Hurricane Sandy Aftermath — Coat Drive


This post by WildSnow.com blogger  

Last month I left for a brief trip back east. It was supposed to be brief. I planned to visit family, attend a friend’s wedding, head up to Vermont to see some college buddies, and watch my girlfriend break three hours in the New York City IMG Marathon. All things that I thought were going to be easy given the amount of time I had.

A lone firefighter statue in front of a charred house in the Rockaways.

A lone statue in front of a charred house in the Rockaways.

Never in my wildest dreams did I think a single storm would alter my plans, ruin friend’s lives, and change the place of some of my fondest childhood memories forever.

October 29th till just this past Saturday, my family was without power. 13 days seemed like eternity but thankfully we had hot water and there wasn’t a tree through our house, a boat washed up on our front lawn, a backed up toilet bowl, or seven feet of raw sewage in our home.
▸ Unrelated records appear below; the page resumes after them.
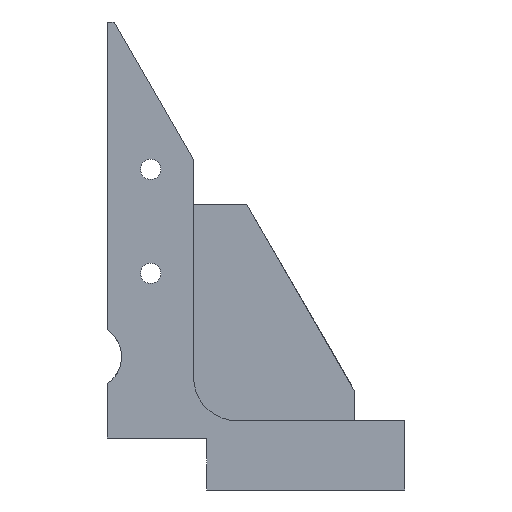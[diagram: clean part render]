
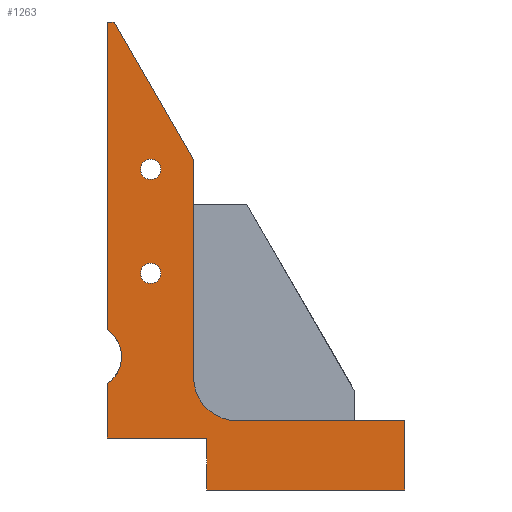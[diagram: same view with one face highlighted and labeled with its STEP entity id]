
A CAD part, left-side view. The second image highlights one B-rep face of the part: STEP entity #1263.
In plain terms, the highlighted planar face has unit normal (-1, 0, 0).
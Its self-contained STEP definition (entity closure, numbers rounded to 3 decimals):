
#3 = VERTEX_POINT ( 'NONE', #1380 ) ;
#36 = LINE ( 'NONE', #383, #1879 ) ;
#68 = LINE ( 'NONE', #2196, #1916 ) ;
#78 = ORIENTED_EDGE ( 'NONE', *, *, #1736, .T. ) ;
#103 = VERTEX_POINT ( 'NONE', #867 ) ;
#125 = CARTESIAN_POINT ( 'NONE',  ( -8.763, 30.931, 16.51 ) ) ;
#132 = EDGE_CURVE ( 'NONE', #889, #3, #1504, .T. ) ;
#139 = ORIENTED_EDGE ( 'NONE', *, *, #1494, .T. ) ;
#143 = CIRCLE ( 'NONE', #972, 4.763 ) ;
#167 = ORIENTED_EDGE ( 'NONE', *, *, #1808, .T. ) ;
#203 = DIRECTION ( 'NONE',  ( 1., 0., 0. ) ) ;
#205 = EDGE_LOOP ( 'NONE', ( #217, #167 ) ) ;
#217 = ORIENTED_EDGE ( 'NONE', *, *, #1440, .T. ) ;
#226 = AXIS2_PLACEMENT_3D ( 'NONE', #1496, #419, #1667 ) ;
#231 = CARTESIAN_POINT ( 'NONE',  ( -8.763, 37.211, 45.49 ) ) ;
#267 = ORIENTED_EDGE ( 'NONE', *, *, #2038, .T. ) ;
#284 = FACE_BOUND ( 'NONE', #714, .T. ) ;
#293 = EDGE_LOOP ( 'NONE', ( #1059, #1892, #2321, #1786, #825, #861, #2030, #78, #139, #436, #2231, #753 ) ) ;
#316 = DIRECTION ( 'NONE',  ( 0., 1., 0. ) ) ;
#319 = EDGE_CURVE ( 'NONE', #1282, #1895, #1659, .T. ) ;
#327 = CARTESIAN_POINT ( 'NONE',  ( -8.763, 42.545, 68.58 ) ) ;
#343 = CARTESIAN_POINT ( 'NONE',  ( -8.763, 29.026, 7.62 ) ) ;
#366 = PLANE ( 'NONE',  #1706 ) ;
#368 = EDGE_CURVE ( 'NONE', #1112, #889, #1082, .T. ) ;
#374 = CARTESIAN_POINT ( 'NONE',  ( -8.763, 29.026, 0. ) ) ;
#383 = CARTESIAN_POINT ( 'NONE',  ( -8.763, 0., 7.62 ) ) ;
#388 = DIRECTION ( 'NONE',  ( 1., 0., 0. ) ) ;
#415 = VERTEX_POINT ( 'NONE', #870 ) ;
#419 = DIRECTION ( 'NONE',  ( 1., 0., 0. ) ) ;
#436 = ORIENTED_EDGE ( 'NONE', *, *, #1258, .T. ) ;
#497 = AXIS2_PLACEMENT_3D ( 'NONE', #905, #2158, #1088 ) ;
#517 = DIRECTION ( 'NONE',  ( 0., 0., -1. ) ) ;
#552 = DIRECTION ( 'NONE',  ( 0., 0., -1. ) ) ;
#554 = CIRCLE ( 'NONE', #1348, 6.35 ) ;
#590 = CIRCLE ( 'NONE', #1383, 1.5 ) ;
#600 = CARTESIAN_POINT ( 'NONE',  ( -8.763, 0., 10.16 ) ) ;
#608 = EDGE_CURVE ( 'NONE', #823, #1112, #1521, .T. ) ;
#629 = DIRECTION ( 'NONE',  ( 1., 0., 0. ) ) ;
#658 = DIRECTION ( 'NONE',  ( 0., -1., 0. ) ) ;
#659 = VECTOR ( 'NONE', #316, 1000. ) ;
#667 = VERTEX_POINT ( 'NONE', #1767 ) ;
#714 = EDGE_LOOP ( 'NONE', ( #1697, #267 ) ) ;
#719 = VECTOR ( 'NONE', #658, 1000. ) ;
#743 = CIRCLE ( 'NONE', #1152, 1.5 ) ;
#745 = EDGE_CURVE ( 'NONE', #1895, #2179, #1248, .T. ) ;
#753 = ORIENTED_EDGE ( 'NONE', *, *, #745, .T. ) ;
#763 = DIRECTION ( 'NONE',  ( 0., -1., 0. ) ) ;
#823 = VERTEX_POINT ( 'NONE', #1123 ) ;
#825 = ORIENTED_EDGE ( 'NONE', *, *, #368, .T. ) ;
#831 = VERTEX_POINT ( 'NONE', #231 ) ;
#836 = VERTEX_POINT ( 'NONE', #1839 ) ;
#845 = EDGE_CURVE ( 'NONE', #943, #823, #68, .T. ) ;
#853 = DIRECTION ( 'NONE',  ( 1., 0., 0. ) ) ;
#861 = ORIENTED_EDGE ( 'NONE', *, *, #132, .T. ) ;
#862 = DIRECTION ( 'NONE',  ( 0., 0.5, 0.866 ) ) ;
#867 = CARTESIAN_POINT ( 'NONE',  ( -8.763, 37.211, 30.25 ) ) ;
#870 = CARTESIAN_POINT ( 'NONE',  ( -8.763, 37.211, 48.49 ) ) ;
#889 = VERTEX_POINT ( 'NONE', #1317 ) ;
#905 = CARTESIAN_POINT ( 'NONE',  ( -8.763, 37.211, 46.99 ) ) ;
#938 = DIRECTION ( 'NONE',  ( 0., 1., 0. ) ) ;
#943 = VERTEX_POINT ( 'NONE', #125 ) ;
#963 = CARTESIAN_POINT ( 'NONE',  ( -8.763, 24.581, 10.16 ) ) ;
#967 = VECTOR ( 'NONE', #517, 1000. ) ;
#972 = AXIS2_PLACEMENT_3D ( 'NONE', #1274, #203, #1457 ) ;
#1011 = EDGE_CURVE ( 'NONE', #415, #831, #743, .T. ) ;
#1059 = ORIENTED_EDGE ( 'NONE', *, *, #1574, .T. ) ;
#1082 = LINE ( 'NONE', #1398, #659 ) ;
#1088 = DIRECTION ( 'NONE',  ( 0., 0., -1. ) ) ;
#1094 = DIRECTION ( 'NONE',  ( 0., 0., -1. ) ) ;
#1098 = CIRCLE ( 'NONE', #497, 1.5 ) ;
#1107 = VECTOR ( 'NONE', #862, 1000. ) ;
#1112 = VERTEX_POINT ( 'NONE', #327 ) ;
#1123 = CARTESIAN_POINT ( 'NONE',  ( -8.763, 30.931, 48.463 ) ) ;
#1127 = FACE_OUTER_BOUND ( 'NONE', #293, .T. ) ;
#1152 = AXIS2_PLACEMENT_3D ( 'NONE', #1936, #853, #2102 ) ;
#1175 = CARTESIAN_POINT ( 'NONE',  ( -8.763, 43.561, 0. ) ) ;
#1182 = LINE ( 'NONE', #1268, #2070 ) ;
#1201 = VERTEX_POINT ( 'NONE', #343 ) ;
#1248 = LINE ( 'NONE', #1447, #1655 ) ;
#1258 = EDGE_CURVE ( 'NONE', #1201, #1282, #1182, .T. ) ;
#1263 = ADVANCED_FACE ( 'NONE', ( #284, #1611, #1127 ), #366, .F. ) ;
#1268 = CARTESIAN_POINT ( 'NONE',  ( -8.763, 29.026, 0. ) ) ;
#1269 = DIRECTION ( 'NONE',  ( 0., 0., 1. ) ) ;
#1274 = CARTESIAN_POINT ( 'NONE',  ( -8.763, 46.228, 19.533 ) ) ;
#1282 = VERTEX_POINT ( 'NONE', #374 ) ;
#1289 = LINE ( 'NONE', #1175, #2183 ) ;
#1310 = DIRECTION ( 'NONE',  ( 0., 0., 1. ) ) ;
#1317 = CARTESIAN_POINT ( 'NONE',  ( -8.763, 43.561, 68.58 ) ) ;
#1326 = EDGE_CURVE ( 'NONE', #2199, #943, #554, .T. ) ;
#1348 = AXIS2_PLACEMENT_3D ( 'NONE', #1466, #388, #1638 ) ;
#1359 = DIRECTION ( 'NONE',  ( 0., 0., -1. ) ) ;
#1380 = CARTESIAN_POINT ( 'NONE',  ( -8.763, 43.561, 23.478 ) ) ;
#1383 = AXIS2_PLACEMENT_3D ( 'NONE', #1696, #629, #1877 ) ;
#1398 = CARTESIAN_POINT ( 'NONE',  ( -8.763, 0., 68.58 ) ) ;
#1440 = EDGE_CURVE ( 'NONE', #1445, #103, #1681, .T. ) ;
#1445 = VERTEX_POINT ( 'NONE', #1851 ) ;
#1447 = CARTESIAN_POINT ( 'NONE',  ( -8.763, 0., 0. ) ) ;
#1457 = DIRECTION ( 'NONE',  ( 0., 0., -1. ) ) ;
#1466 = CARTESIAN_POINT ( 'NONE',  ( -8.763, 24.581, 16.51 ) ) ;
#1494 = EDGE_CURVE ( 'NONE', #836, #1201, #36, .T. ) ;
#1496 = CARTESIAN_POINT ( 'NONE',  ( -8.763, 37.211, 31.75 ) ) ;
#1504 = LINE ( 'NONE', #2304, #967 ) ;
#1521 = LINE ( 'NONE', #2300, #1107 ) ;
#1574 = EDGE_CURVE ( 'NONE', #2179, #2199, #1774, .T. ) ;
#1611 = FACE_BOUND ( 'NONE', #205, .T. ) ;
#1638 = DIRECTION ( 'NONE',  ( 0., 0., -1. ) ) ;
#1655 = VECTOR ( 'NONE', #1269, 1000. ) ;
#1659 = LINE ( 'NONE', #2080, #719 ) ;
#1667 = DIRECTION ( 'NONE',  ( 0., 0., -1. ) ) ;
#1676 = CARTESIAN_POINT ( 'NONE',  ( -8.763, 0., 10.16 ) ) ;
#1681 = CIRCLE ( 'NONE', #226, 1.5 ) ;
#1696 = CARTESIAN_POINT ( 'NONE',  ( -8.763, 37.211, 31.75 ) ) ;
#1697 = ORIENTED_EDGE ( 'NONE', *, *, #1011, .T. ) ;
#1706 = AXIS2_PLACEMENT_3D ( 'NONE', #1981, #2160, #1094 ) ;
#1736 = EDGE_CURVE ( 'NONE', #667, #836, #1289, .T. ) ;
#1767 = CARTESIAN_POINT ( 'NONE',  ( -8.763, 43.561, 15.587 ) ) ;
#1774 = LINE ( 'NONE', #600, #2246 ) ;
#1786 = ORIENTED_EDGE ( 'NONE', *, *, #608, .T. ) ;
#1808 = EDGE_CURVE ( 'NONE', #103, #1445, #590, .T. ) ;
#1839 = CARTESIAN_POINT ( 'NONE',  ( -8.763, 43.561, 7.62 ) ) ;
#1851 = CARTESIAN_POINT ( 'NONE',  ( -8.763, 37.211, 33.25 ) ) ;
#1877 = DIRECTION ( 'NONE',  ( 0., 0., -1. ) ) ;
#1879 = VECTOR ( 'NONE', #763, 1000. ) ;
#1892 = ORIENTED_EDGE ( 'NONE', *, *, #1326, .T. ) ;
#1895 = VERTEX_POINT ( 'NONE', #2247 ) ;
#1916 = VECTOR ( 'NONE', #1310, 1000. ) ;
#1936 = CARTESIAN_POINT ( 'NONE',  ( -8.763, 37.211, 46.99 ) ) ;
#1981 = CARTESIAN_POINT ( 'NONE',  ( -8.763, 0., 0. ) ) ;
#2030 = ORIENTED_EDGE ( 'NONE', *, *, #2084, .T. ) ;
#2038 = EDGE_CURVE ( 'NONE', #831, #415, #1098, .T. ) ;
#2070 = VECTOR ( 'NONE', #552, 1000. ) ;
#2080 = CARTESIAN_POINT ( 'NONE',  ( -8.763, 0., 0. ) ) ;
#2084 = EDGE_CURVE ( 'NONE', #3, #667, #143, .T. ) ;
#2102 = DIRECTION ( 'NONE',  ( 0., 0., -1. ) ) ;
#2158 = DIRECTION ( 'NONE',  ( 1., 0., 0. ) ) ;
#2160 = DIRECTION ( 'NONE',  ( 1., 0., 0. ) ) ;
#2179 = VERTEX_POINT ( 'NONE', #1676 ) ;
#2183 = VECTOR ( 'NONE', #1359, 1000. ) ;
#2196 = CARTESIAN_POINT ( 'NONE',  ( -8.763, 30.931, 0. ) ) ;
#2199 = VERTEX_POINT ( 'NONE', #963 ) ;
#2231 = ORIENTED_EDGE ( 'NONE', *, *, #319, .T. ) ;
#2246 = VECTOR ( 'NONE', #938, 1000. ) ;
#2247 = CARTESIAN_POINT ( 'NONE',  ( -8.763, 0., 0. ) ) ;
#2300 = CARTESIAN_POINT ( 'NONE',  ( -8.763, 2.213, -1.278 ) ) ;
#2304 = CARTESIAN_POINT ( 'NONE',  ( -8.763, 43.561, 0. ) ) ;
#2321 = ORIENTED_EDGE ( 'NONE', *, *, #845, .T. ) ;

We were lucky, very, very lucky. Other friends and family were not.

The two day, monster storm claimed at least 41 lives and caused billions of dollars in damage in New York state. One of the hardest hit areas was the Rockaways in Queens, a beachfront community where almost half of the houses burned in a fire after the storm. My father, Queens County Bar Association President Joseph Risi, setup a pro-Bono law service outpost to help families with insurance claims, landlord-tenant issues, home repair contracts and consumer protection issues. I went with him. The stench of open sewage and smoldering debris was overwhelming.

Many WildSnow readers feel like extended family to me. We can join together as backcountry skiers, recreationalists, outdoor enthusiasts, gear obsessed (sometimes), and the fortunate, to help victims of Hurricane Sandy on their road to recovery.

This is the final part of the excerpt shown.